Work order
Reproduce every entry exactly and leave its pictures out.
────────────────────
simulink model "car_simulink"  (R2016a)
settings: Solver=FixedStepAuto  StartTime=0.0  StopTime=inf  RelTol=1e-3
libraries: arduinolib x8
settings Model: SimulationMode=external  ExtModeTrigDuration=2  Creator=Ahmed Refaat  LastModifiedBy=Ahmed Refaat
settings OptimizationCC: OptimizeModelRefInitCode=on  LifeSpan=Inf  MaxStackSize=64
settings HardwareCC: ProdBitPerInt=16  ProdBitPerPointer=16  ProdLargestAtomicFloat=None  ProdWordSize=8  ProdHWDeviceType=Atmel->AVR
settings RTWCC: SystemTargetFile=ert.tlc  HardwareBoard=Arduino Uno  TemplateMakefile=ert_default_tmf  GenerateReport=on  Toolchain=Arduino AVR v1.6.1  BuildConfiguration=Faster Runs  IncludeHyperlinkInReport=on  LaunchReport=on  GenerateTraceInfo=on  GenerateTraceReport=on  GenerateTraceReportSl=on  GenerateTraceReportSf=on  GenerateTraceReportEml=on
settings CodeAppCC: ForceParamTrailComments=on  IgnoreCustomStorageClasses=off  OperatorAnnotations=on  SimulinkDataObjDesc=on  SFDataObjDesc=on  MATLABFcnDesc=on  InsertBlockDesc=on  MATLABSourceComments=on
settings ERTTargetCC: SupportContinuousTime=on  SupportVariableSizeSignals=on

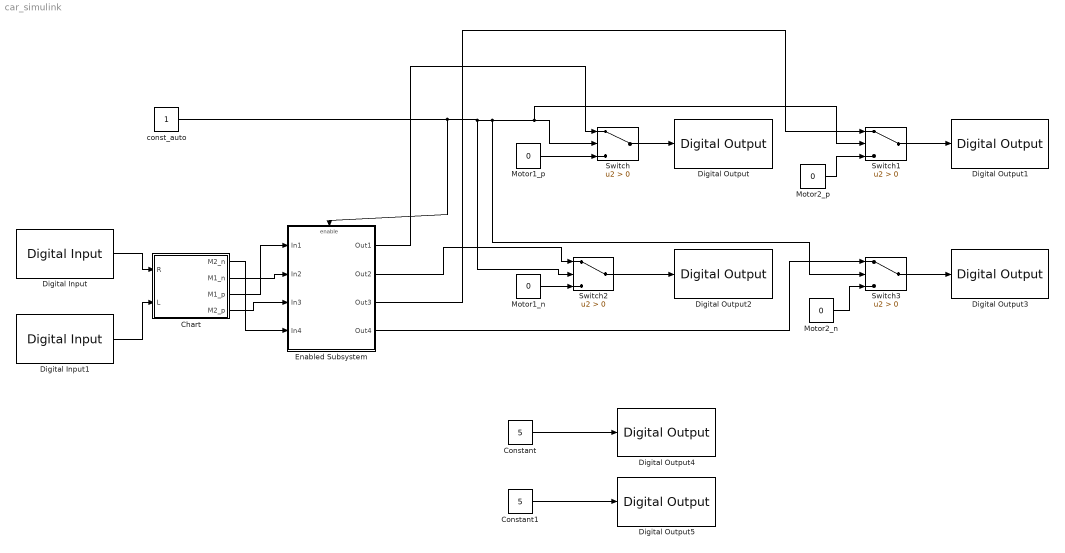
== system car_simulink ==
  Chart : Stateflow chart  TreatAsAtomicUnit=on
  Constant : Constant  Value=5
  Constant1 : Constant  Value=5
  Digital Input : arduinolib/Digital Input  pinNumber=7  sampleTime=1  blockPlatform=arduino
  Digital Input1 : arduinolib/Digital Input  pinNumber=8  sampleTime=1  blockPlatform=arduino
  Digital Output : arduinolib/Digital Output  pinNumber=2  blockPlatform=arduino
  Digital Output1 : arduinolib/Digital Output  pinNumber=4  blockPlatform=arduino
  Digital Output2 : arduinolib/Digital Output  pinNumber=3  blockPlatform=arduino
  Digital Output3 : arduinolib/Digital Output  pinNumber=5  blockPlatform=arduino
  Digital Output4 : arduinolib/Digital Output  pinNumber=9  blockPlatform=arduino
  Digital Output5 : arduinolib/Digital Output  pinNumber=10  blockPlatform=arduino
  Enabled Subsystem : Subsystem  TreatAsAtomicUnit=on
  Motor1_n : Constant  Value=0
  Motor1_p : Constant  Value=0
  Motor2_n : Constant  Value=0
  Motor2_p : Constant  Value=0
  Switch{,1..3} (4 alike) : Switch  Criteria=u2 > Threshold
  const_auto : Constant
  wires:
  Constant/1 -> Digital Output4/1
  Constant1/1 -> Digital Output5/1
  const_auto/1 -> Enabled Subsystem/Enable, Switch2/2, Switch3/2, Switch1/2, Switch/2
  Motor1_p/1 -> Switch/3
  Switch/1 -> Digital Output/1
  Switch1/1 -> Digital Output1/1
  Motor2_p/1 -> Switch1/3
  Switch2/1 -> Digital Output2/1
  Motor1_n/1 -> Switch2/3
  Motor2_n/1 -> Switch3/3
  Switch3/1 -> Digital Output3/1
  Enabled Subsystem/1(Out1) -> Switch/1
  Enabled Subsystem/2(Out2) -> Switch2/1
  Enabled Subsystem/3(Out3) -> Switch1/1
  Enabled Subsystem/4(Out4) -> Switch3/1
  Digital Input/1 -> Chart/1(R)
  Digital Input1/1 -> Chart/2(L)
  Chart/3(M1_p) -> Enabled Subsystem/1(In1)
  Chart/2(M1_n) -> Enabled Subsystem/2(In2)
  Chart/4(M2_p) -> Enabled Subsystem/3(In3)
  Chart/1(M2_n) -> Enabled Subsystem/4(In4)

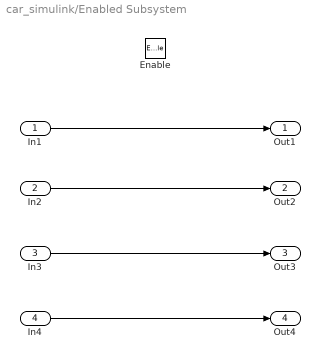
== system car_simulink/Enabled Subsystem ==
  In1 : Inport
  In2 : Inport  Port=2
  In3 : Inport  Port=3
  In4 : Inport  Port=4
  Enable : EnablePort
  Out1 : Outport
  Out2 : Outport  Port=2
  Out3 : Outport  Port=3
  Out4 : Outport  Port=4
  wires:
  In1/1 -> Out1/1
  In2/1 -> Out2/1
  In3/1 -> Out3/1
  In4/1 -> Out4/1

== stateflow chart car_simulink/Chart ==
  state Forward
    entry: M1_p =1
    M1_n =0
    M2_p =1
    M2_n =0
  state Left
    entry: M1_p =0
    M1_n =0
    M2_p =1
    M2_n =0
  state Right
    entry:  M1_p =1
    M1_n =0
    M2_p =0
    M2_n =0
  state Stop
    entry:  M1_p =0
    M1_n =0
    M2_p =0
    M2_n =0
  (default) -> Forward
  Forward -> Right [order 1] : [L==1 && R==0]
  Left -> Forward [order 1] : [L==1 && R==1]
  Forward -> Left [order 3] : [L==0 && R==1]
  Stop -> Forward [order 2] : [L==1 && R==1]
  Forward -> Stop [order 2] : [L==0 && R==0]
  Right -> Forward [order 3] : [L==1 && R==1]
  Right -> Left [order 1] : [L==0 && R==1]
  Left -> Right [order 2] : [L==1 && R==0]
  Left -> Stop [order 3] : [L==0 && R==0]
  Stop -> Left [order 1] : [L==0 && R==1]
  Stop -> Right [order 3] : [L==1 && R==0]
  Right -> Stop [order 2] : [L==0 && R==0]
  data: M2_n output; M1_n output; M1_p output; M2_p output; R input; L input
────────────────────
Exercise response
simulink model "car_simulink"  (R2016a)
settings: Solver=FixedStepAuto  StartTime=0.0  StopTime=inf  RelTol=1e-3
libraries: arduinolib x8
settings Model: SimulationMode=external  ExtModeTrigDuration=2  Creator=Ahmed Refaat  LastModifiedBy=Ahmed Refaat
settings OptimizationCC: OptimizeModelRefInitCode=on  LifeSpan=Inf  MaxStackSize=64
settings HardwareCC: ProdBitPerInt=16  ProdBitPerPointer=16  ProdLargestAtomicFloat=None  ProdWordSize=8  ProdHWDeviceType=Atmel->AVR
settings RTWCC: SystemTargetFile=ert.tlc  HardwareBoard=Arduino Uno  TemplateMakefile=ert_default_tmf  GenerateReport=on  Toolchain=Arduino AVR v1.6.1  BuildConfiguration=Faster Runs  IncludeHyperlinkInReport=on  LaunchReport=on  GenerateTraceInfo=on  GenerateTraceReport=on  GenerateTraceReportSl=on  GenerateTraceReportSf=on  GenerateTraceReportEml=on
settings CodeAppCC: ForceParamTrailComments=on  IgnoreCustomStorageClasses=off  OperatorAnnotations=on  SimulinkDataObjDesc=on  SFDataObjDesc=on  MATLABFcnDesc=on  InsertBlockDesc=on  MATLABSourceComments=on
settings ERTTargetCC: SupportContinuousTime=on  SupportVariableSizeSignals=on

== system car_simulink ==
  Chart : Stateflow chart  TreatAsAtomicUnit=on
  Constant : Constant  Value=5
  Constant1 : Constant  Value=5
  Digital Input : arduinolib/Digital Input  pinNumber=7  sampleTime=1  blockPlatform=arduino
  Digital Input1 : arduinolib/Digital Input  pinNumber=8  sampleTime=1  blockPlatform=arduino
  Digital Output : arduinolib/Digital Output  pinNumber=2  blockPlatform=arduino
  Digital Output1 : arduinolib/Digital Output  pinNumber=4  blockPlatform=arduino
  Digital Output2 : arduinolib/Digital Output  pinNumber=3  blockPlatform=arduino
  Digital Output3 : arduinolib/Digital Output  pinNumber=5  blockPlatform=arduino
  Digital Output4 : arduinolib/Digital Output  pinNumber=9  blockPlatform=arduino
  Digital Output5 : arduinolib/Digital Output  pinNumber=10  blockPlatform=arduino
  Enabled Subsystem : Subsystem  TreatAsAtomicUnit=on
  Motor1_n : Constant  Value=0
  Motor1_p : Constant  Value=0
  Motor2_n : Constant  Value=0
  Motor2_p : Constant  Value=0
  Switch{,1..3} (4 alike) : Switch  Criteria=u2 > Threshold
  const_auto : Constant
  wires:
  Constant/1 -> Digital Output4/1
  Constant1/1 -> Digital Output5/1
  const_auto/1 -> Enabled Subsystem/Enable, Switch2/2, Switch3/2, Switch1/2, Switch/2
  Motor1_p/1 -> Switch/3
  Switch/1 -> Digital Output/1
  Switch1/1 -> Digital Output1/1
  Motor2_p/1 -> Switch1/3
  Switch2/1 -> Digital Output2/1
  Motor1_n/1 -> Switch2/3
  Motor2_n/1 -> Switch3/3
  Switch3/1 -> Digital Output3/1
  Enabled Subsystem/1(Out1) -> Switch/1
  Enabled Subsystem/2(Out2) -> Switch2/1
  Enabled Subsystem/3(Out3) -> Switch1/1
  Enabled Subsystem/4(Out4) -> Switch3/1
  Digital Input/1 -> Chart/1(R)
  Digital Input1/1 -> Chart/2(L)
  Chart/3(M1_p) -> Enabled Subsystem/1(In1)
  Chart/2(M1_n) -> Enabled Subsystem/2(In2)
  Chart/4(M2_p) -> Enabled Subsystem/3(In3)
  Chart/1(M2_n) -> Enabled Subsystem/4(In4)

== system car_simulink/Enabled Subsystem ==
  In1 : Inport
  In2 : Inport  Port=2
  In3 : Inport  Port=3
  In4 : Inport  Port=4
  Enable : EnablePort
  Out1 : Outport
  Out2 : Outport  Port=2
  Out3 : Outport  Port=3
  Out4 : Outport  Port=4
  wires:
  In1/1 -> Out1/1
  In2/1 -> Out2/1
  In3/1 -> Out3/1
  In4/1 -> Out4/1

== stateflow chart car_simulink/Chart ==
  state Forward
    entry: M1_p =1
    M1_n =0
    M2_p =1
    M2_n =0
  state Left
    entry: M1_p =0
    M1_n =0
    M2_p =1
    M2_n =0
  state Right
    entry:  M1_p =1
    M1_n =0
    M2_p =0
    M2_n =0
  state Stop
    entry:  M1_p =0
    M1_n =0
    M2_p =0
    M2_n =0
  (default) -> Forward
  Forward -> Right [order 1] : [L==1 && R==0]
  Left -> Forward [order 1] : [L==1 && R==1]
  Forward -> Left [order 3] : [L==0 && R==1]
  Stop -> Forward [order 2] : [L==1 && R==1]
  Forward -> Stop [order 2] : [L==0 && R==0]
  Right -> Forward [order 3] : [L==1 && R==1]
  Right -> Left [order 1] : [L==0 && R==1]
  Left -> Right [order 2] : [L==1 && R==0]
  Left -> Stop [order 3] : [L==0 && R==0]
  Stop -> Left [order 1] : [L==0 && R==1]
  Stop -> Right [order 3] : [L==1 && R==0]
  Right -> Stop [order 2] : [L==0 && R==0]
  data: M2_n output; M1_n output; M1_p output; M2_p output; R input; L input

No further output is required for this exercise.